他能看见尤妮眼眸中,那小小的希冀不可逆地向绝望转化。
这简直比杀了他还难受!
而就在此刻,银露滴也杀到了他们面前。
面对银露滴的死神弯刀,空炎唯一能做的,就是将女孩护在身下。
尽管这并没有什么用。
银露滴的弯刀足矣轻松地穿透他们二人,但他还是下意识这么做了。
至少……她不用孤单的死去……
可就在空炎这么想着的时候,一具庞大的黑影从天而落!
随后黑影拔出幽蓝大剑,势如破竹,将身下的银露滴一剑贯穿!
可银露滴却化作流体,避过剑刃。
随后滑到黑影身后,凝聚成形,拿起手中的异形弯刀,就要割下对方的头颅!
只见黑影手中的大剑如燃烧的玄冰般亮起,湛蓝冰雾缭绕剑身。
冷光流转,仿佛冰封之下的寒流涌动。
随后那魁梧的身影抡起大剑,弧形剑气斜飞而出,在穿过银露滴的金属躯体后,于阳光下消散。
而银露滴维持着挥砍的姿势,固定在原地,表面出现了肉眼可见的冰霜。
随后,在一片清脆的开裂声中,它散裂成一地的冰白碎块,彻底静默。
“你是……”
空炎还没来得及问到一半,却吃惊地望着对方的脸,思维陷入了停滞。
只见那魁梧的身影,生有一个长嘴尖耳的狼头,浑身冷灰毛发,眼眸冷如蓝火,冷峻而威严。

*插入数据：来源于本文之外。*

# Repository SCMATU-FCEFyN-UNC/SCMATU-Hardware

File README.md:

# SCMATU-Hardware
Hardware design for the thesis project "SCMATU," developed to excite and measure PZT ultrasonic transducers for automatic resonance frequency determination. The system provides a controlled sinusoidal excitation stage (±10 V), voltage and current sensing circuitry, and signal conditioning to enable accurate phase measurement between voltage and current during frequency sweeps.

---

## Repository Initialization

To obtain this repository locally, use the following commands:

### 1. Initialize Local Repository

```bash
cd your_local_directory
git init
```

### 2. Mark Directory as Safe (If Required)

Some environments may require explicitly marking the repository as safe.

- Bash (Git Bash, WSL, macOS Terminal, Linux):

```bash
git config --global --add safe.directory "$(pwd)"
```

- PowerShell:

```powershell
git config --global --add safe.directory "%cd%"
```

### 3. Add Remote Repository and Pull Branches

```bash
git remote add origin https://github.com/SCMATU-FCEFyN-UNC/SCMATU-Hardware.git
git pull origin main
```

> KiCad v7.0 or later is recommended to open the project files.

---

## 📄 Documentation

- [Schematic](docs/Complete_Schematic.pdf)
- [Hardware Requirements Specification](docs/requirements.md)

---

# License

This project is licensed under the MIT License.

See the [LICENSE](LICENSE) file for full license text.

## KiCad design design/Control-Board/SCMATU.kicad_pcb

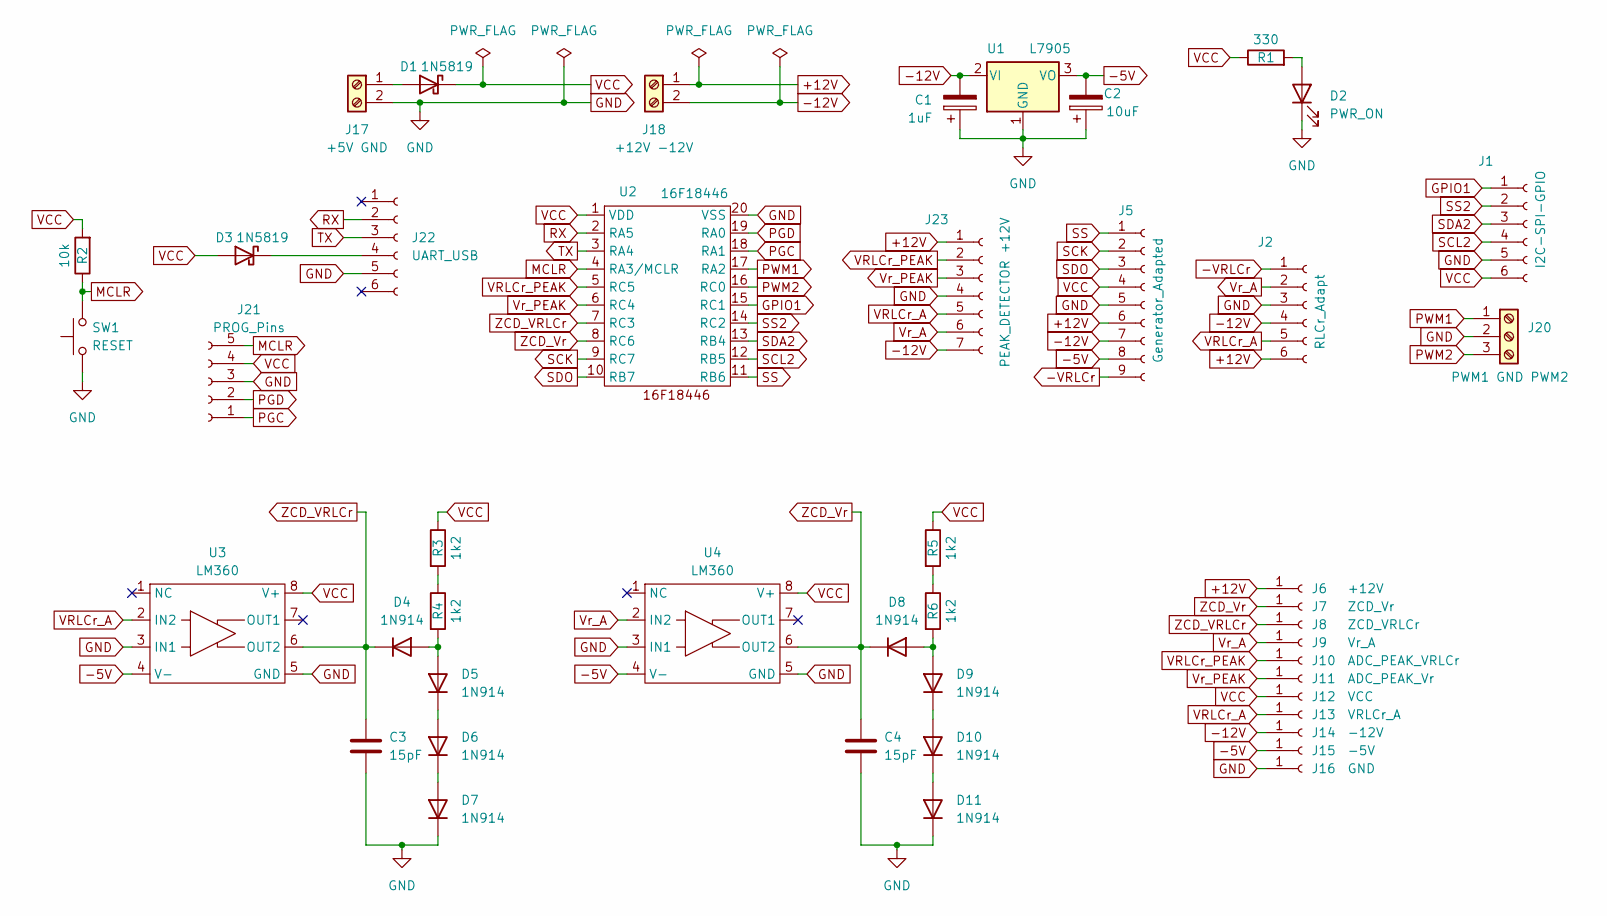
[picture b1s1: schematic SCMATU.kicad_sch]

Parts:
C1: 1uF; CP_Radial_D5.0mm_P2.00mm
C2: 10uF; CP_Radial_D5.0mm_P2.00mm
C3, C4: 15pF; C_Disc_D5.0mm_W2.5mm_P2.50mm
D1, D3: 1N5819; D_DO-41_SOD81_P10.16mm_Horizontal
D2: PWR_ON; LED_D5.0mm_IRGrey
D4, D5, D6, D7, D8, D9, D10, D11: 1N914; D_DO-35_SOD27_P7.62mm_Horizontal
J1: I2C-SPI-GPIO; PinHeader_1x06_P2.54mm_Vertical
J2: RLCr_Adapt; PinHeader_1x06_P2.54mm_Vertical
J5: Generator_Adapted; PinHeader_1x09_P2.54mm_Vertical
J6: +12V; PinHeader_1x01_P2.54mm_Vertical
J7: ZCD_Vr; PinHeader_1x01_P2.54mm_Vertical
J8: ZCD_VRLCr; PinHeader_1x01_P2.54mm_Vertical
J9: Vr_A; PinHeader_1x01_P2.54mm_Vertical
J10: ADC_PEAK_VRLCr; PinHeader_1x01_P2.54mm_Vertical
J11: ADC_PEAK_Vr; PinHeader_1x01_P2.54mm_Vertical
J12: VCC; PinHeader_1x01_P2.54mm_Vertical
J13: VRLCr_A; PinHeader_1x01_P2.54mm_Vertical
J14: -12V; PinHeader_1x01_P2.54mm_Vertical
J15: -5V; PinHeader_1x01_P2.54mm_Vertical
J16: GND; TestPoint_Pad_10.0x10.0mm
J17: +5V GND; TerminalBlock_Plug_Bornier-2-P5.08mm
J18: +12V -12V; TerminalBlock_Plug_Bornier-2-P5.08mm
J20: PWM1 GND PWM2; PinHeader_1x03_P2.54mm_Vertical
J21: PROG_Pins; PinHeader_1x05_P2.54mm_Vertical
J22: UART_USB; PinHeader_1x06_P2.54mm_Horizontal
J23: PEAK_DETECTOR +12V; PinHeader_1x07_P2.54mm_Vertical
R1: 330; R_Axial_DIN0207_L6.3mm_D2.5mm_P10.16mm_Horizontal
R2: 10k; R_Axial_DIN0207_L6.3mm_D2.5mm_P10.16mm_Horizontal
R3, R4, R5, R6: 1k2; R_Axial_DIN0207_L6.3mm_D2.5mm_P10.16mm_Horizontal
SW1: RESET; SW_PUSH_6mm
U1: L7905; TO-220-3_Vertical
U2: 16F18446; SOIC-20W_7.5x12.8mm_P1.27mm
U3, U4: LM360; DIP-8_W7.62mm_Socket_LongPads

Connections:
+12V: J2.6, J5.6, J6.1, J18.1, J23.1
-5V: C2.2, J5.8, J15.1, U1.3 (VO), U3.4 (V-), U4.4 (V-)
-12V: C1.2, J2.4, J5.7, J14.1, J18.2, J23.7, U1.2 (VI)
-VRLCr: J2.1, J5.9
GND: C1.1, C2.1, C3.2, C4.2, D2.1 (K), D7.1 (K), D11.1 (K), J1.5, J2.3, J5.5, J16.1, J17.2, J20.2, J21.3, J22.5, J23.4, SW1.1, U1.1 (GND), U2.20 (VSS), U3.3 (IN1), U3.5 (GND), U4.3 (IN1), U4.5 (GND)
GPIO1: J1.1, U2.15 (RC1)
MCLR: J21.5, R2.1, SW1.2, U2.4 (RA3/MCLR)
unnamed: D1.2 (A), J17.1
unnamed: D2.2 (A), R1.2
unnamed: D3.1 (K), J22.4
unnamed: D4.2 (A), D5.2 (A), R4.2
unnamed: D5.1 (K), D6.2 (A)
unnamed: D6.1 (K), D7.2 (A)
unnamed: D8.2 (A), D9.2 (A), R6.2
unnamed: D9.1 (K), D10.2 (A)
unnamed: D10.1 (K), D11.2 (A)
unnamed: R3.2, R4.1
unnamed: R5.2, R6.1
PGC: J21.1, U2.18 (RA1)
PGD: J21.2, U2.19 (RA0)
PWM1: J20.1, U2.17 (RA2)
PWM2: J20.3, U2.16 (RC0)
RX: J22.2, U2.2 (RA5)
SCK: J5.2, U2.9 (RC7)
SCL2: J1.4, U2.12 (RB5)
SDA2: J1.3, U2.13 (RB4)
SDO: J5.3, U2.10 (RB7)
SS: J5.1, U2.11 (RB6)
SS2: J1.2, U2.14 (RC2)
TX: J22.3, U2.3 (RA4)
VCC: D1.1 (K), D3.2 (A), J1.6, J5.4, J12.1, J21.4, R1.1, R2.2, R3.1, R5.1, U2.1 (VDD), U3.8 (V+), U4.8 (V+)
VRLCr_A: J2.5, J13.1, J23.5, U3.2 (IN2)
VRLCr_PEAK: J10.1, J23.2, U2.5 (RC5)
Vr_A: J2.2, J9.1, J23.6, U4.2 (IN2)
Vr_PEAK: J11.1, J23.3, U2.6 (RC4)
ZCD_VRLCr: C3.1, D4.1 (K), J8.1, U2.7 (RC3), U3.6 (OUT2)
ZCD_Vr: C4.1, D8.1 (K), J7.1, U2.8 (RC6), U4.6 (OUT2)

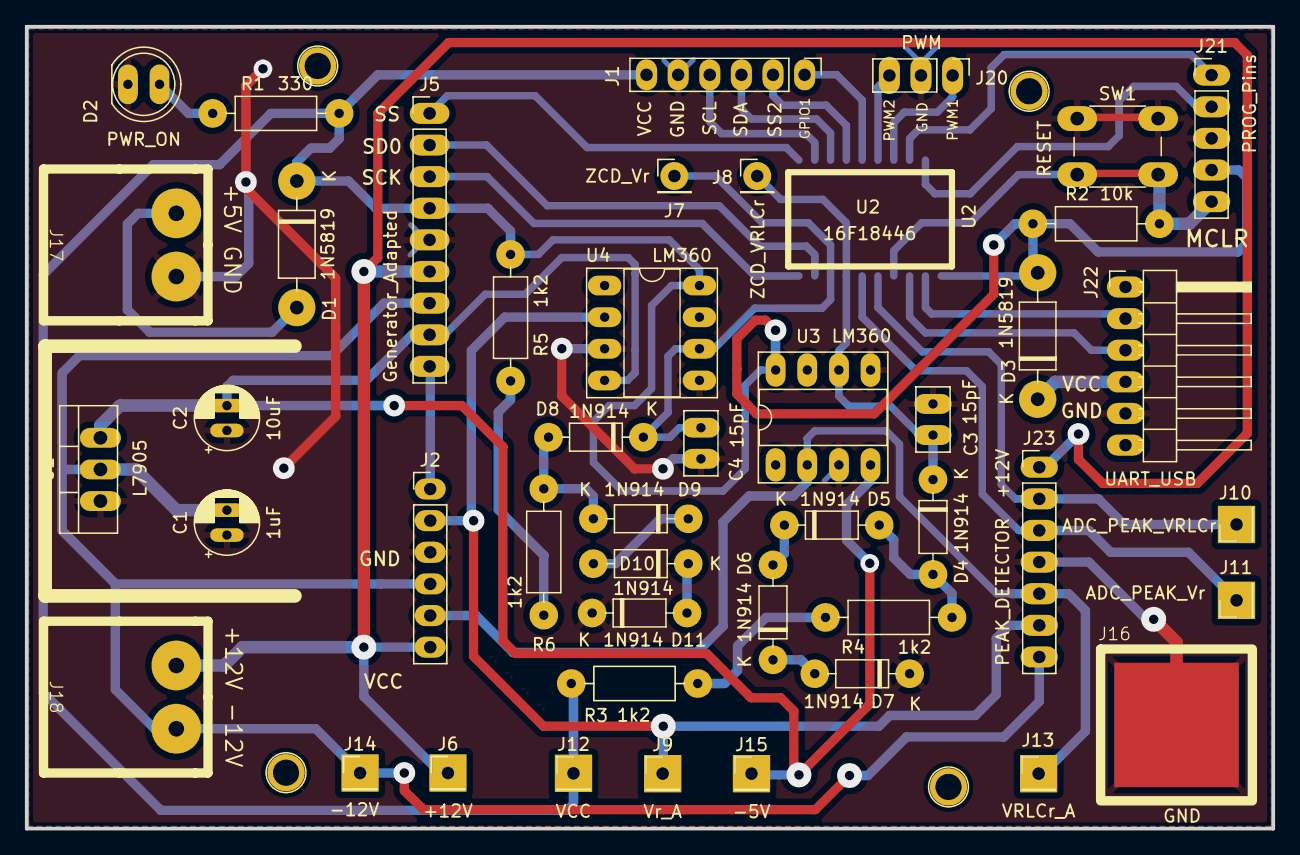
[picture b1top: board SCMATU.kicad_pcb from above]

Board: 2 copper layers, 100.1 x 64.4 mm, 46 parts (1 on the bottom side), 37 nets.

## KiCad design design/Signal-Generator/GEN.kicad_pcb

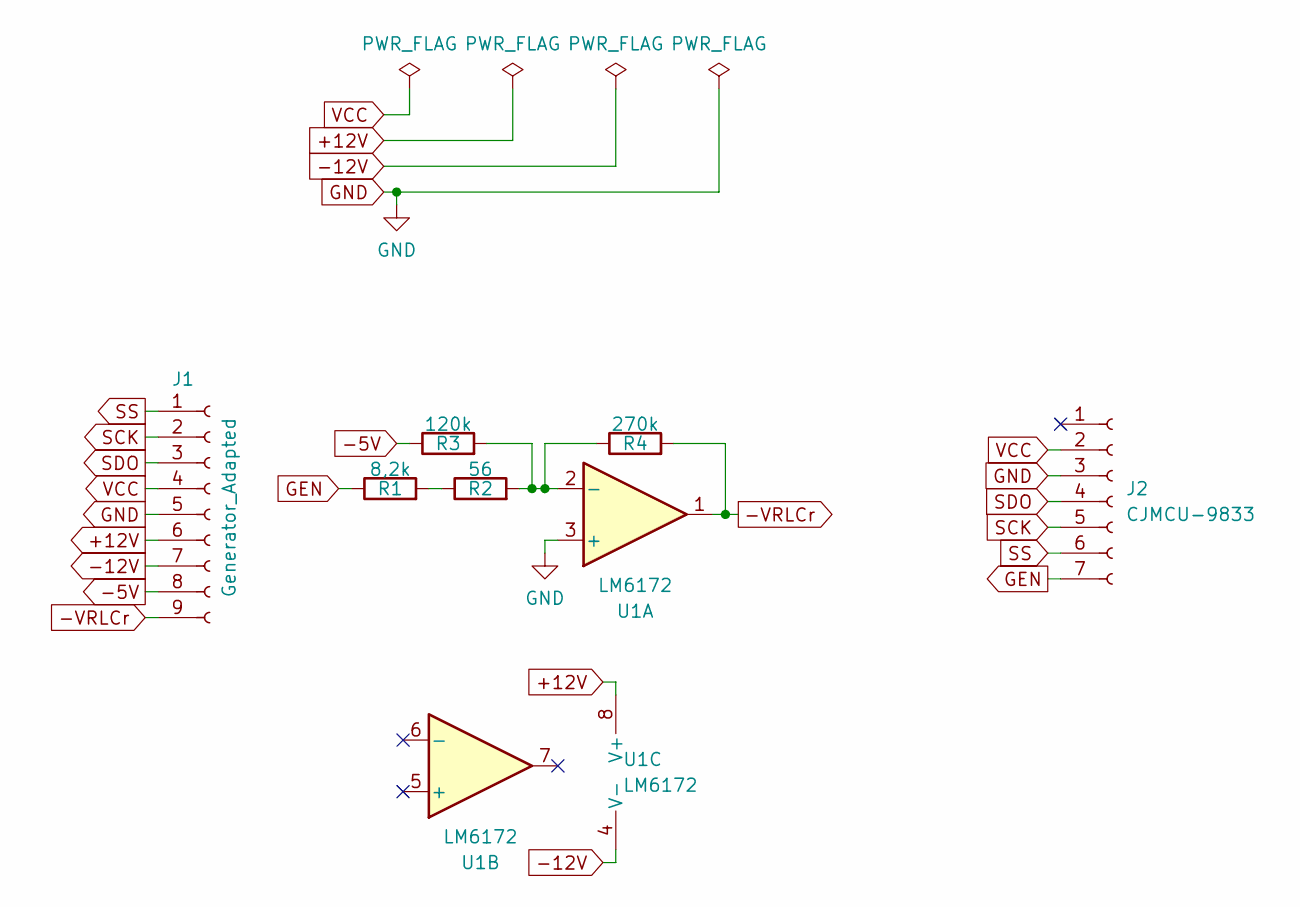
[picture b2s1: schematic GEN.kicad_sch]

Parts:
J1: Generator_Adapted; PinHeader_1x09_P2.54mm_Vertical
J2: CJMCU-9833; PinHeader_1x07_P2.54mm_Horizontal
R1: 8,2k; R_Axial_DIN0207_L6.3mm_D2.5mm_P10.16mm_Horizontal
R2: 56; R_Axial_DIN0207_L6.3mm_D2.5mm_P10.16mm_Horizontal
R3: 120k; R_Axial_DIN0207_L6.3mm_D2.5mm_P10.16mm_Horizontal
R4: 270k; R_Axial_DIN0207_L6.3mm_D2.5mm_P10.16mm_Horizontal
U1: LM6172; DIP-8_W7.62mm_Socket_LongPads

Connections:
+12V: J1.6, U1.8 (V+)
-5V: J1.8, R3.1
-12V: J1.7, U1.4 (V-)
-VRLCr: J1.9, R4.2, U1.1
GEN: J2.7, R1.1
GND: J1.5, J2.3, U1.3 (+)
unnamed: R1.2, R2.1
unnamed: R2.2, R3.2, R4.1, U1.2 (-)
SCK: J1.2, J2.5
SDO: J1.3, J2.4
SS: J1.1, J2.6
VCC: J1.4, J2.2

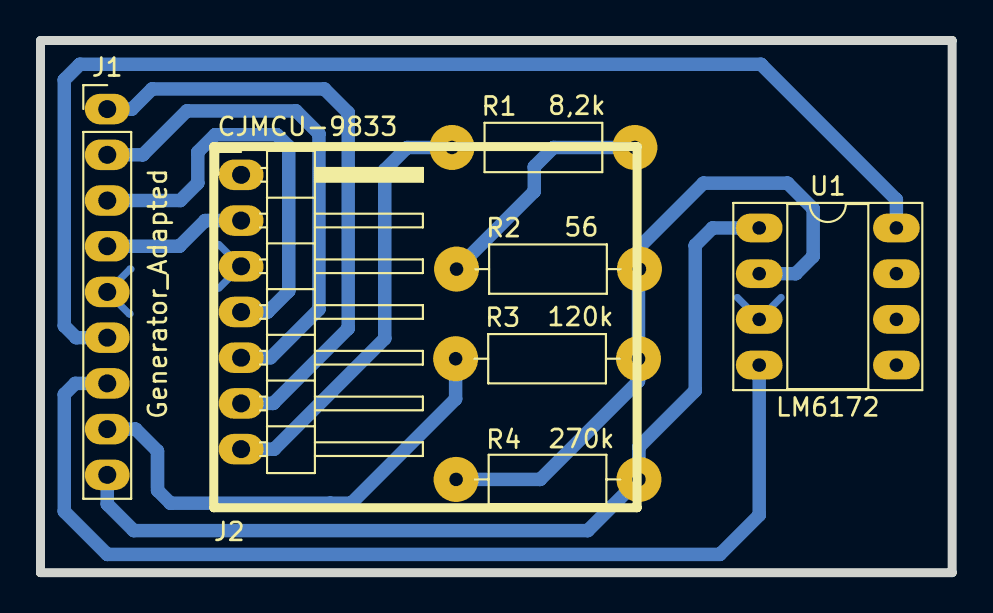
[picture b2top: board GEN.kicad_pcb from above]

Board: 2 copper layers, 50.6 x 29.6 mm, 7 parts (0 on the bottom side), 12 nets.

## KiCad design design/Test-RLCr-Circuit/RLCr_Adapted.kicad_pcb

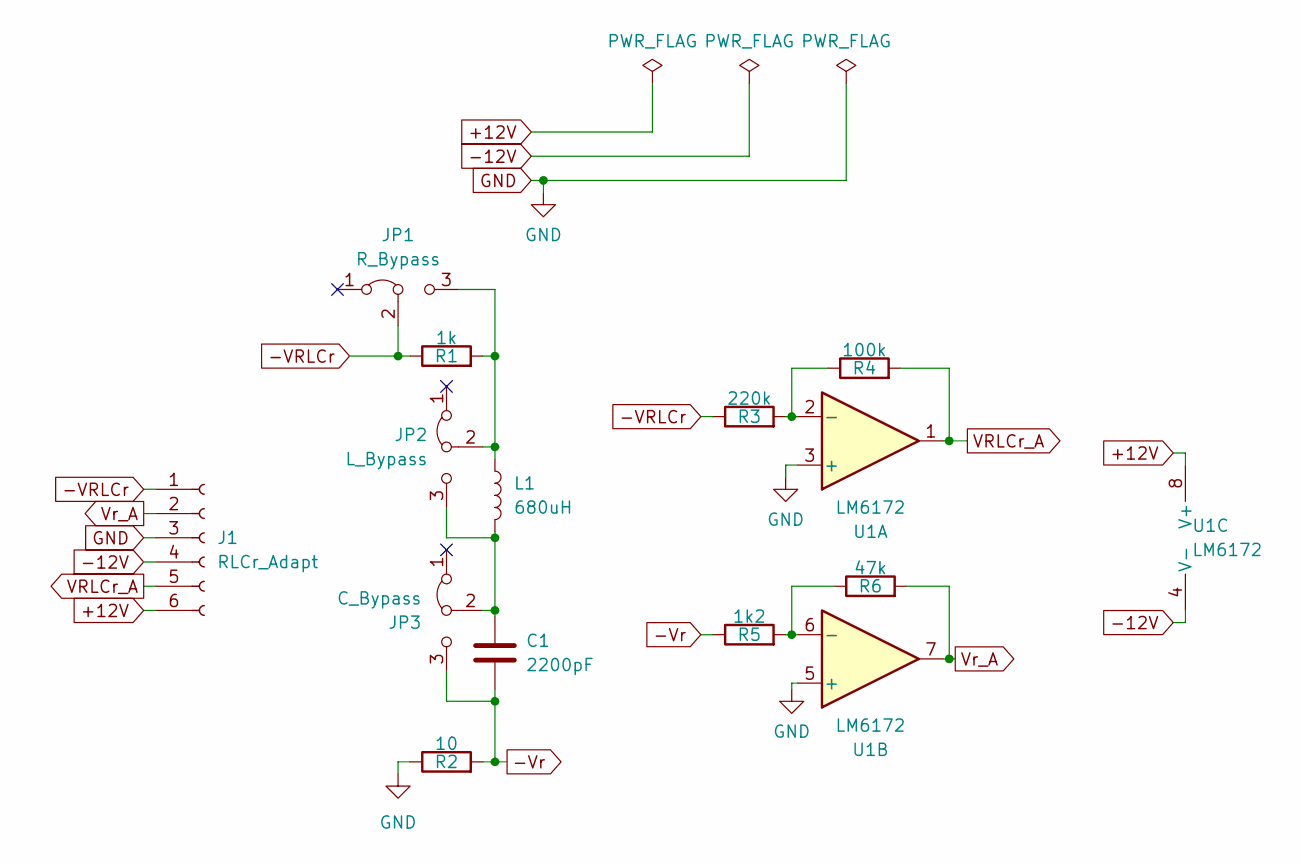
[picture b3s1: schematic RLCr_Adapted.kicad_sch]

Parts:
C1: 2200pF; C_Disc_D5.0mm_W2.5mm_P2.50mm
J1: RLCr_Adapt; PinHeader_1x06_P2.54mm_Vertical
JP1: R_Bypass; PinHeader_1x03_P2.54mm_Vertical
JP2: L_Bypass; PinHeader_1x03_P2.54mm_Vertical
JP3: C_Bypass; PinHeader_1x03_P2.54mm_Vertical
L1: 680uH; L_Axial_L7.0mm_D3.3mm_P10.16mm_Horizontal_Fastron_MICC
R1: 1k; R_Axial_DIN0207_L6.3mm_D2.5mm_P10.16mm_Horizontal
R2: 10; R_Axial_DIN0207_L6.3mm_D2.5mm_P10.16mm_Horizontal
R3: 220k; R_Axial_DIN0207_L6.3mm_D2.5mm_P10.16mm_Horizontal
R4: 100k; R_Axial_DIN0207_L6.3mm_D2.5mm_P10.16mm_Horizontal
R5: 1k2; R_Axial_DIN0207_L6.3mm_D2.5mm_P10.16mm_Horizontal
R6: 47k; R_Axial_DIN0207_L6.3mm_D2.5mm_P10.16mm_Horizontal
U1: LM6172; DIP-8_W7.62mm_Socket_LongPads

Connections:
+12V: J1.6, U1.8 (V+)
-12V: J1.4, U1.4 (V-)
-VRLCr: J1.1, JP1.2 (C), R1.1, R3.1
-Vr: C1.2, JP3.3 (B), R2.2, R5.1
GND: J1.3, R2.1, U1.3 (+), U1.5 (+)
unnamed: JP1.3 (B), JP2.2 (C), L1.1, R1.2
unnamed: C1.1, JP2.3 (B), JP3.2 (C), L1.2
unnamed: R3.2, R4.1, U1.2 (-)
unnamed: R5.2, R6.1, U1.6 (-)
VRLCr_A: J1.5, R4.2, U1.1
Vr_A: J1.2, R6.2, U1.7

鳞片状的漆黑斗篷下,露出部分熔岩般的锐利铠甲,隐约有火星从中飞出。
与他手中的湛蓝大剑,形成了鲜明的对比。
“赫尔曼?”
卡塞亚惊呼:“你回来了!”
“嗯。”
名为赫尔曼的半狼人将大剑往身后一甩:“抱歉,拖了这么长时间才回来。”
随后他先看向尤妮,再看向空炎,眼神冷峻:“好了,来谈谈吧。在我离开的这段时间,到底发生了什么事?这个人类又是谁?”